Isaiah 11:6 - Ellicott's Commentary On The Whole Bible

Bible Comments

The wolf also shall dwell with the lamb... — It is significant of the prophet’s sympathy with the animal world that he thinks of that also as sharing in the blessings of redemption. Rapine and cruelty even there were to him signs of an imperfect order, or the consequences of a fall, even as to St. Paul they witnessed of a “bondage of corruption” (Romans 8:21). The very instincts of the brute creation should be changed in “the age to come,” and “the lion should eat straw like the ox.” Men have discussed the question whether and when the words shall receive a literal fulfilment, and the answer to that question lies behind the veil.
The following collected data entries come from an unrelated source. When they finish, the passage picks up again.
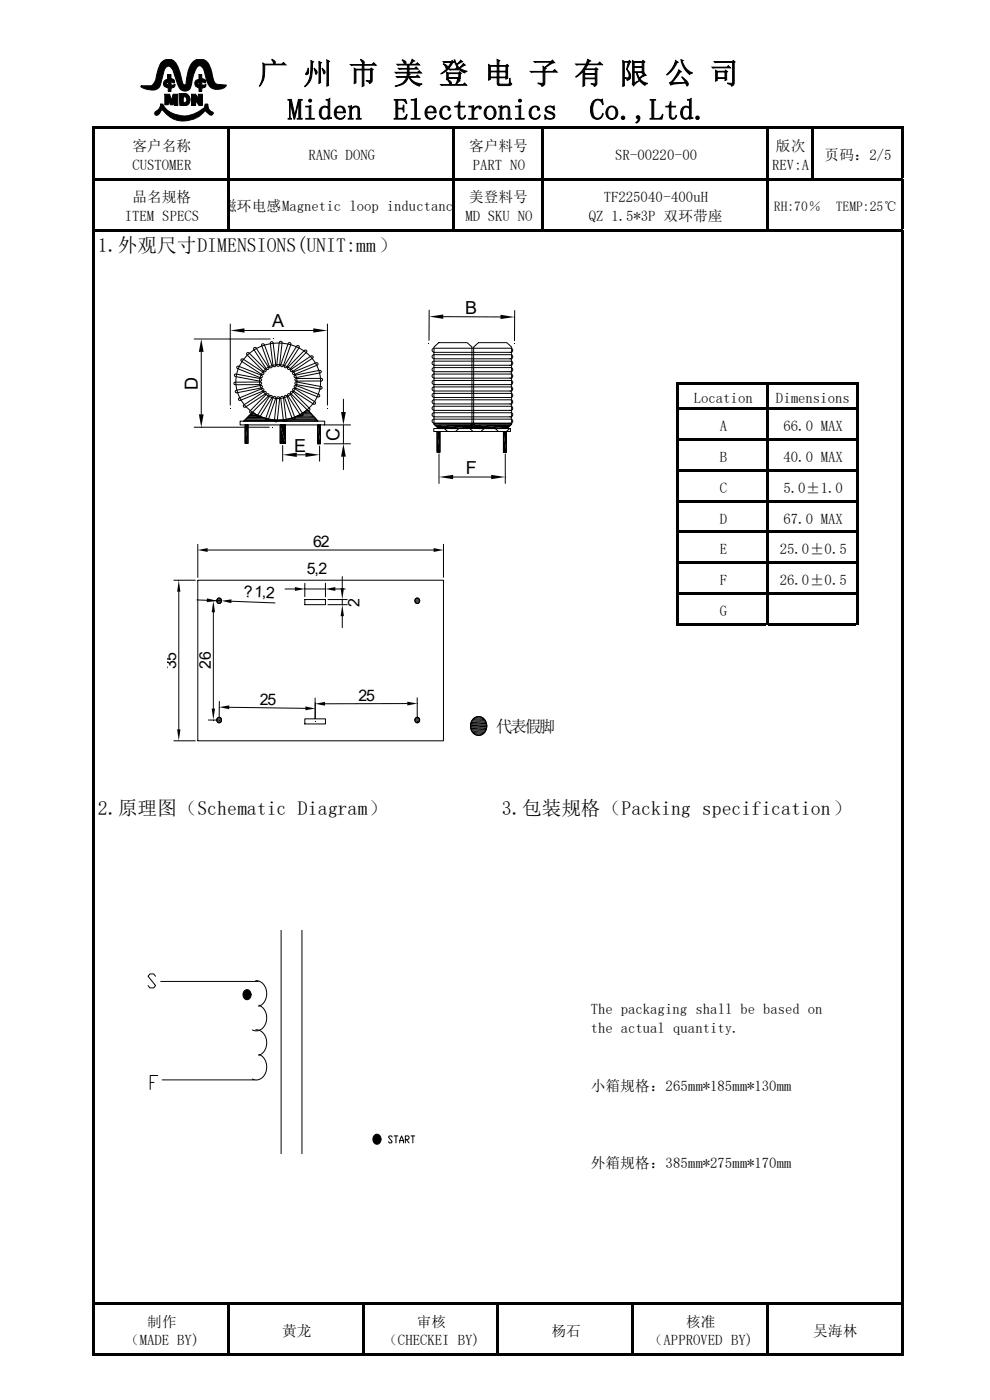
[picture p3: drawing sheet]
<svg xmlns="http://www.w3.org/2000/svg" width="210mm" height="297mm" viewBox="0 0 210 297" stroke-linecap="round" stroke-linejoin="round" font-family="sans-serif">
<g fill="#000">
<path d="M19.6 26.9h.6v10.8h-.6z" fill-rule="evenodd"/>
<path d="M19.6 37.7h.6v10.9h-.6z" fill-rule="evenodd"/>
<path d="M20.2 26.9h171.4v.5h-171.4z" fill-rule="evenodd"/>
<path d="M20.2 37.7h151.8v.5h-151.8z" fill-rule="evenodd"/>
<path d="M48.2 27.1h.5v10.6h-.5z" fill-rule="evenodd"/>
<path d="M48.2 38h.5v11.1h-.5z" fill-rule="evenodd"/>
<path d="M95.8 27.1h.6v10.6h-.6z" fill-rule="evenodd"/>
<path d="M95.8 38h.6v11.1h-.6z" fill-rule="evenodd"/>
<path d="M114.9 27.1h.5v10.6h-.5z" fill-rule="evenodd"/>
<path d="M114.9 38h.5v11.1h-.5z" fill-rule="evenodd"/>
<path d="M162.5 27.1h.5v10.6h-.5z" fill-rule="evenodd"/>
<path d="M162.5 38h.5v11.1h-.5z" fill-rule="evenodd"/>
<path d="M172 27.1h.6v11.1h-.6z" fill-rule="evenodd"/>
<path d="M172.6 37.7h19v.5h-19z" fill-rule="evenodd"/>
<path d="M191.1 27.1h.5v10.6h-.5z" fill-rule="evenodd"/>
<path d="M191.1 38h.5v10.6h-.5z" fill-rule="evenodd"/>
<path d="M19.6 48.6h.6v227.7h-.6z" fill-rule="evenodd"/>
<path d="M20.2 48.6h28v.5h-28z" fill-rule="evenodd"/>
<path d="M48.7 48.6h47.1v.5h-47.1z" fill-rule="evenodd"/>
<path d="M96.4 48.6h18.5v.5h-18.5z" fill-rule="evenodd"/>
<path d="M115.4 48.6h47.1v.5h-47.1z" fill-rule="evenodd"/>
<path d="M163 48.6h28.6v.5h-28.6z" fill-rule="evenodd"/>
<path d="M191.1 48.8h.5v227.5h-.5z" fill-rule="evenodd"/>
<path d="M143.5 81.1h.5v5.4h-.5z" fill-rule="evenodd"/>
<path d="M143.5 86.5h.5v6.5h-.5z" fill-rule="evenodd"/>
<path d="M143.5 93h.5v6.5h-.5z" fill-rule="evenodd"/>
<path d="M143.5 99.5h.5v6.5h-.5z" fill-rule="evenodd"/>
<path d="M144 81.1h38.1v.5h-38.1z" fill-rule="evenodd"/>
<path d="M144 86.5h38.1v.5h-38.1z" fill-rule="evenodd"/>
<path d="M144 93h38.1v.5h-38.1z" fill-rule="evenodd"/>
<path d="M144 99.5h38.1v.5h-38.1z" fill-rule="evenodd"/>
<path d="M162.5 81.3h.5v5.2h-.5z" fill-rule="evenodd"/>
<path d="M162.5 86.7h.5v6.3h-.5z" fill-rule="evenodd"/>
<path d="M162.5 93.3h.5v6.2h-.5z" fill-rule="evenodd"/>
<path d="M162.5 99.8h.5v6.2h-.5z" fill-rule="evenodd"/>
<path d="M181.6 81.3h.5v5.2h-.5z" fill-rule="evenodd"/>
<path d="M181.6 86.7h.5v6.3h-.5z" fill-rule="evenodd"/>
<path d="M181.6 93.3h.5v6.2h-.5z" fill-rule="evenodd"/>
<path d="M181.6 99.8h.5v6.2h-.5z" fill-rule="evenodd"/>
<path d="M143.5 106h.5v6.6h-.5z" fill-rule="evenodd"/>
<path d="M143.5 112.6h.5v6.5h-.5z" fill-rule="evenodd"/>
<path d="M143.5 119.1h.5v6.5h-.5z" fill-rule="evenodd"/>
<path d="M144 106h38.1v.6h-38.1z" fill-rule="evenodd"/>
<path d="M144 112.6h38.1v.5h-38.1z" fill-rule="evenodd"/>
<path d="M144 119.1h38.1v.5h-38.1z" fill-rule="evenodd"/>
<path d="M162.5 106.3h.5v6.3h-.5z" fill-rule="evenodd"/>
<path d="M162.5 112.8h.5v6.3h-.5z" fill-rule="evenodd"/>
<path d="M162.5 119.3h.5v6.3h-.5z" fill-rule="evenodd"/>
<path d="M181.6 106.3h.5v6.3h-.5z" fill-rule="evenodd"/>
<path d="M181.6 112.8h.5v6.3h-.5z" fill-rule="evenodd"/>
<path d="M181.6 119.3h.5v6.3h-.5z" fill-rule="evenodd"/>
<path d="M143.5 125.6h.5v7h-.5z" fill-rule="evenodd"/>
<path d="M144 125.6h38.1v.5h-38.1z" fill-rule="evenodd"/>
<path d="M144 132.1h18.5v.5h-18.5z" fill-rule="evenodd"/>
<path d="M162.5 125.9h.5v6.7h-.5z" fill-rule="evenodd"/>
<path d="M163 132.1h18.6v.5h-18.6z" fill-rule="evenodd"/>
<path d="M181.6 125.9h.5v6.7h-.5z" fill-rule="evenodd"/>
<path d="M19.6 276.3h.6v11.4h-.6z" fill-rule="evenodd"/>
<path d="M20.2 276.3h171.4v.5h-171.4z" fill-rule="evenodd"/>
<path d="M48.2 276.6h.5v11.1h-.5z" fill-rule="evenodd"/>
<path d="M76.8 276.6h.5v11.1h-.5z" fill-rule="evenodd"/>
<path d="M105.4 276.6h.5v11.1h-.5z" fill-rule="evenodd"/>
<path d="M133.9 276.6h.6v11.1h-.6z" fill-rule="evenodd"/>
<path d="M162.5 276.6h.5v11.1h-.5z" fill-rule="evenodd"/>
<path d="M191.1 276.6h.5v11.1h-.5z" fill-rule="evenodd"/>
<path d="M20.2 287.1h28v.6h-28z" fill-rule="evenodd"/>
<path d="M48.7 287.1h28.1v.6h-28.1z" fill-rule="evenodd"/>
<path d="M77.3 287.1h28.1v.6h-28.1z" fill-rule="evenodd"/>
<path d="M105.9 287.1h28v.6h-28z" fill-rule="evenodd"/>
<path d="M134.5 287.1h28v.6h-28z" fill-rule="evenodd"/>
<path d="M163 287.1h28.1v.6h-28.1z" fill-rule="evenodd"/>
</g>
<path d="M29.9 12.5h18.4v13.3h-18.4z" fill-rule="evenodd" fill="#fff"/>
<g fill="#000">
<path d="M34.5 13.1a1.98 1.98 0 0 1 3.2 1.1l1 3.4 .3 .4 .4-.1 .3-2a3.8 3.8 0 0 1 2.1-3.3 2.29 2.29 0 0 1 2.9 2l.3 .9a3.1 3.1 0 0 0 .9 2.4l2.1 .2a2.39 2.39 0 0 1-2.5 .8 2.39 2.39 0 0 1-1.7-2l-.2-.7a2.87 2.87 0 0 0-1-2.2l-.3-.1a5.1 5.1 0 0 0-1.6 3.8 1.46 1.46 0 0 1-1.3 1.6 1.46 1.46 0 0 1-1.6-1.2l-.6-1.7a3.3 3.3 0 0 0-1.2-2.3 .94 .94 0 0 0-1.2 .8l-.7 2.9a1.82 1.82 0 0 1-2.4 1.2l-1.4-.3-.4-.4 .1-.1h2.1l.5-.4 .4-.7 .8-3.1z" fill-rule="evenodd"/>
<path d="M35.5 15.8h.8v.9h.2a.51 .51 0 0 1 .5 .4 .51 .51 0 0 1-.2 .5l-.5-.1v.6l.8-.2-.1 .5-.7 .3v.7h-.6v-.7a.9 .9 0 0 1-1-.9 .9 .9 0 0 1 .8-.9z" fill-rule="evenodd"/>
</g>
<path d="M34.5 13.1a1.98 1.98 0 0 1 3.2 1.1l1 3.4 .3 .4 .4-.1 .3-2a3.8 3.8 0 0 1 2.1-3.3 2.29 2.29 0 0 1 2.9 2l.3 .9a3.1 3.1 0 0 0 .9 2.4l2.1 .2a2.39 2.39 0 0 1-2.5 .8 2.39 2.39 0 0 1-1.7-2l-.2-.7a2.87 2.87 0 0 0-1-2.2l-.3-.1a5.1 5.1 0 0 0-1.6 3.8 1.46 1.46 0 0 1-1.3 1.6 1.46 1.46 0 0 1-1.6-1.2l-.6-1.7a3.3 3.3 0 0 0-1.2-2.3 .94 .94 0 0 0-1.2 .8l-.7 2.9a1.82 1.82 0 0 1-2.4 1.2l-1.4-.3-.4-.4 .1-.1h2.1l.5-.4 .4-.7 .8-3.1zM35.5 15.8h.8v.9h.2a.51 .51 0 0 1 .5 .4 .51 .51 0 0 1-.2 .5l-.5-.1v.6l.8-.2-.1 .5-.7 .3v.7h-.6v-.7a.9 .9 0 0 1-1-.9 .9 .9 0 0 1 .8-.9z" fill="none" stroke="#000" stroke-width=".21"/>
<path d="M35.5 17.5h.2v.6l-.4-.2z" fill-rule="evenodd" fill="#fff"/>
<path d="M35.5 17.5h.2v.6l-.4-.2zM42.2 15.8h.6v.9h.3a.51 .51 0 0 1 .5 .3 .51 .51 0 0 1-.1 .6l-.7-.1v.6l.9-.2-.1 .4-.2 .3-.6 .1v.7h-.6v-.7a.9 .9 0 0 1-.9-.9 .9 .9 0 0 1 .9-.9zM34.1 22.1h.4a5.3 5.3 0 0 0 6.9 2l2-1.3 .1-.7h.6a1.66 1.66 0 0 0 1.1 1.8l-.3 .5h-.3l-1.1-1a5.7 5.7 0 0 1-9.1-.1l-.6 .8a.51 .51 0 0 1-.5 .4 .51 .51 0 0 1-.5-.5l.3-.4a1.73 1.73 0 0 0 1-1.5z" fill="none" stroke="#000" stroke-width=".21"/>
<g fill="#000">
<path d="M42.2 15.8h.6v.9h.3a.51 .51 0 0 1 .5 .3 .51 .51 0 0 1-.1 .6l-.7-.1v.6l.9-.2-.1 .4-.2 .3-.6 .1v.7h-.6v-.7a.9 .9 0 0 1-.9-.9 .9 .9 0 0 1 .9-.9z" fill-rule="evenodd"/>
<path d="M34.1 22.1h.4a5.3 5.3 0 0 0 6.9 2l2-1.3 .1-.7h.6a1.66 1.66 0 0 0 1.1 1.8l-.3 .5h-.3l-1.1-1a5.7 5.7 0 0 1-9.1-.1l-.6 .8a.51 .51 0 0 1-.5 .4 .51 .51 0 0 1-.5-.5l.3-.4a1.73 1.73 0 0 0 1-1.5z" fill-rule="evenodd"/>
</g>
<path d="M42 17.5h.2v.4l-.3-.1z" fill-rule="evenodd" fill="#fff"/>
<path d="M35 20h1l.4 1.3 .3-1.3h1v2.4h-.7l-.2-.9-.1 .7h-.6l-.3-.9-.1 .9h-.7zM38 19.8h1.3a1.3 1.3 0 0 1 1 1.3 1.3 1.3 0 0 1-1 1.3h-1.1zM42 17.5h.2v.4l-.3-.1z" fill="none" stroke="#000" stroke-width=".21"/>
<g fill="#000">
<path d="M35 20h1l.4 1.3 .3-1.3h1v2.4h-.7l-.2-.9-.1 .7h-.6l-.3-.9-.1 .9h-.7z" fill-rule="evenodd"/>
<path d="M38 19.8h1.3a1.3 1.3 0 0 1 1 1.3 1.3 1.3 0 0 1-1 1.3h-1.1z" fill-rule="evenodd"/>
</g>
<path d="M38.9 20.6l.3-.1a.73 .73 0 0 1 .2 1.2l-.5 .1z" fill-rule="evenodd" fill="#fff"/>
<g fill="none" stroke="#000" stroke-width=".21">
<path d="M40.6 20h.9l.6 .9v-.9h.8v2.4h-.7l-.7-1.1v1.1h-.9zM38.9 20.6l.3-.1a.73 .73 0 0 1 .2 1.2l-.5 .1zM41.2 71.9h16.1M42.7 74.6v13.3M48.8 68.7v17.2M49.8 79.4l.3-.1 5.2 1 .2 .3-.4 .3-5.2-1-.2-.2zM50.3 77.7h.3l4.9 1.9 .1 .4-.4 .1-4.8-1.9-.2-.2zM51.6 76.2l4.3 2.8v.4h-.4l-4.3-2.8-.1-.4h.5M51.8 70.1h14.6M52.4 75.2l3.5 3.6h.5v-.4l-3.6-3.5h-.4v.3M52.5 75.4a9.4 9.4 0 0 1 15.1 3.1 8.2 8.2 0 0 1-7.6 10.6 8.6 8.6 0 0 1-9.9-8.9l.6-2.4 .8-1.3zM53.8 73.8l.3-.1 .2 .1 2.7 4.2v.3h-.5l-2.7-4.2z"/>
<path d="M55.6 73l.2-.1 .3 .2 1.6 4.6-.2 .3-.3-.2-1.7-4.5zM56.1 78.5a4 4 0 0 1 4.4-.9 4 4 0 0 1 2.5 3.8 4 4 0 0 1-4.2 3.1 4 4 0 0 1-3.8-3.6l.4-1.4zM58.5 77.5l-.2 .3-.4-.2-.6-4.8 .3-.3 .3 .2 .6 4.8M59.3 72.5l.3-.1 .2 .3-.5 4.8-.3 .2-.3-.3zM59.5 77.4l.2 .4 .4-.2M61.7 73l-.2-.3-.4 .2-1.6 4.5M61.7 73l-1.6 4.6M62.1 79l4.9-2 .4 .1-.1 .4-4.8 1.9h-.4zM62.4 79.7l5.4-1.1 .3 .2-.2 .3-5.2 1-.3-.1zM63 73.4l.3-.1 .2 .4-2.7 4.2-.4 .1-.1-.4zM64.6 74.3h.4l.1 .4-3.6 3.6h-.4l-.1-.4zM66.3 76l.1-.4-.4-.1-4.3 2.9-.1 .4h.5l4.2-2.8"/>
<path d="M69.5 68.7v17.2M91 65.8v6.4M92.1 73.6l1-.9h6l1 .9v16.4l-1 .9h-6l-1-.9zM92.1 79.3h16.3a.45 .45 0 0 1 .3 .6 .45 .45 0 0 1-.6 .3M92.1 78h16.3a.45 .45 0 0 1 .3 .6 .45 .45 0 0 1-.6 .2M92.1 76.6h16.3a.45 .45 0 0 1 .3 .6 .45 .45 0 0 1-.6 .3M92.1 75.2h16.3a.45 .45 0 0 1 .3 .6 .45 .45 0 0 1-.6 .3M92.1 73.9h16.3a.45 .45 0 0 1 .3 .6 .45 .45 0 0 1-.6 .2M92.1 78.9h16.3M92.1 77.5h16.3M92.1 76.1h16.3M92.1 74.7h16.3"/>
<path d="M92.1 79.3a.44 .44 0 0 0-.5 .5 .44 .44 0 0 0 .6 .4M92.1 78a.44 .44 0 0 0-.5 .4 .44 .44 0 0 0 .6 .4M92.1 76.6a.44 .44 0 0 0-.5 .5 .44 .44 0 0 0 .6 .4M92.1 75.2a.44 .44 0 0 0-.5 .5 .44 .44 0 0 0 .6 .4M92.1 73.9a.44 .44 0 0 0-.5 .4 .44 .44 0 0 0 .6 .4M94 67.2h12.2M100.5 73.6l1-.9h6l1 .9v16.4l-1 .9h-6l-1-.9zM109.2 65.9l-.1 6.4M41.2 90.6h15.9M50 82.9l5.3-1.1 .4 .2-.3 .3-5.1 1-.3-.1zM50.6 84.5l5-2 .4 .1-.2 .3-4.8 2-.4-.1zM50.9 89.3h18v.8h-18z"/>
<path d="M51.7 89.3h6.5M51.8 89.3h6.4M51.8 89.2h6.4M51.9 89.2h4.6M51.9 89.1h4.5M52 90.1h.6v4h-.6zM52 89h4.4M52 89h4.3M52.2 88.8h4.2M52.3 88.8h4.1M52.3 88.7h4.1M52.5 88.6h2.3"/>
<path d="M52.5 88.5h2.2M52.6 88.5h2M53.5 87.5l-1.9 1.9M53.6 87.4l1 .7a.31 .31 0 0 0 .1 .5 .31 .31 0 0 0 .5-.3l1.2 .4a.31 .31 0 0 0 .2 .5 .31 .31 0 0 0 .4-.3l1.2 .2v.2h-6.5zM54.6 88.1l.6 .2a.31 .31 0 0 1-.4 .3 .31 .31 0 0 1-.2-.4zM55.2 81.6l.3-.3-.3-.3-5.3 .1-.3 .2 .3 .3h5.3M56 83.1h.4v.4l-4.4 2.9-.4-.2 .1-.3M56 83.1l-4.3 2.8M56.3 88.9l-4.2 .1M56.3 88.9l1.7-4.7 .4-.1 .1 .3-1.7 4.7-.3 .1-.2-.3h-4.2M56.4 88.7l.6 .2a.32 .32 0 0 1-.3 .3 .32 .32 0 0 1-.4-.2zM56.5 83.6l-3.5 3.6v.4l.5-.1"/>
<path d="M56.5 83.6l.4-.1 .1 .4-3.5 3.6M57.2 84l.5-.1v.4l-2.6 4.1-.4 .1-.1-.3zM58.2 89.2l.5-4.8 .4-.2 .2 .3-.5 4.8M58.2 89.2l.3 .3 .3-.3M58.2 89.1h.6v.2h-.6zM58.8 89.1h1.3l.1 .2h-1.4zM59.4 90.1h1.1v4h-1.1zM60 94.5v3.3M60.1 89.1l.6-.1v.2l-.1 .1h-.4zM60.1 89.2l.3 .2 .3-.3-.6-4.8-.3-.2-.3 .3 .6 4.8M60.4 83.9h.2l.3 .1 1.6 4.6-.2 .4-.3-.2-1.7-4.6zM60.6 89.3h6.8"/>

It may be that what we call the laws of animal nature in these respects are tending to a final goal, of which the evolution that has tamed the dog, the bull, the horse, is as it were a pledge and earnest (Soph., Antig., 342-351). It may be, however, that each form of brute cruelty was to the prophet’s mind the symbol of a human evil, and the imagery admits, therefore, of an allegorical rather than a literal interpretation. The classical student will remember the striking parallelism of the fourth Eclogue of Virgil, which, in its turn, may have been a far-off echo of Isaiah’s thoughts, floating in the air or embodied in apocryphal Sibylline Oracles among the Jews of Alexandria and Rome.

Isaiah 11:6

6 The wolf also shall dwell with the lamb, and the leopard shall lie down with the kid; and the calf and the young lion and the fatling together; and a little child shall lead them.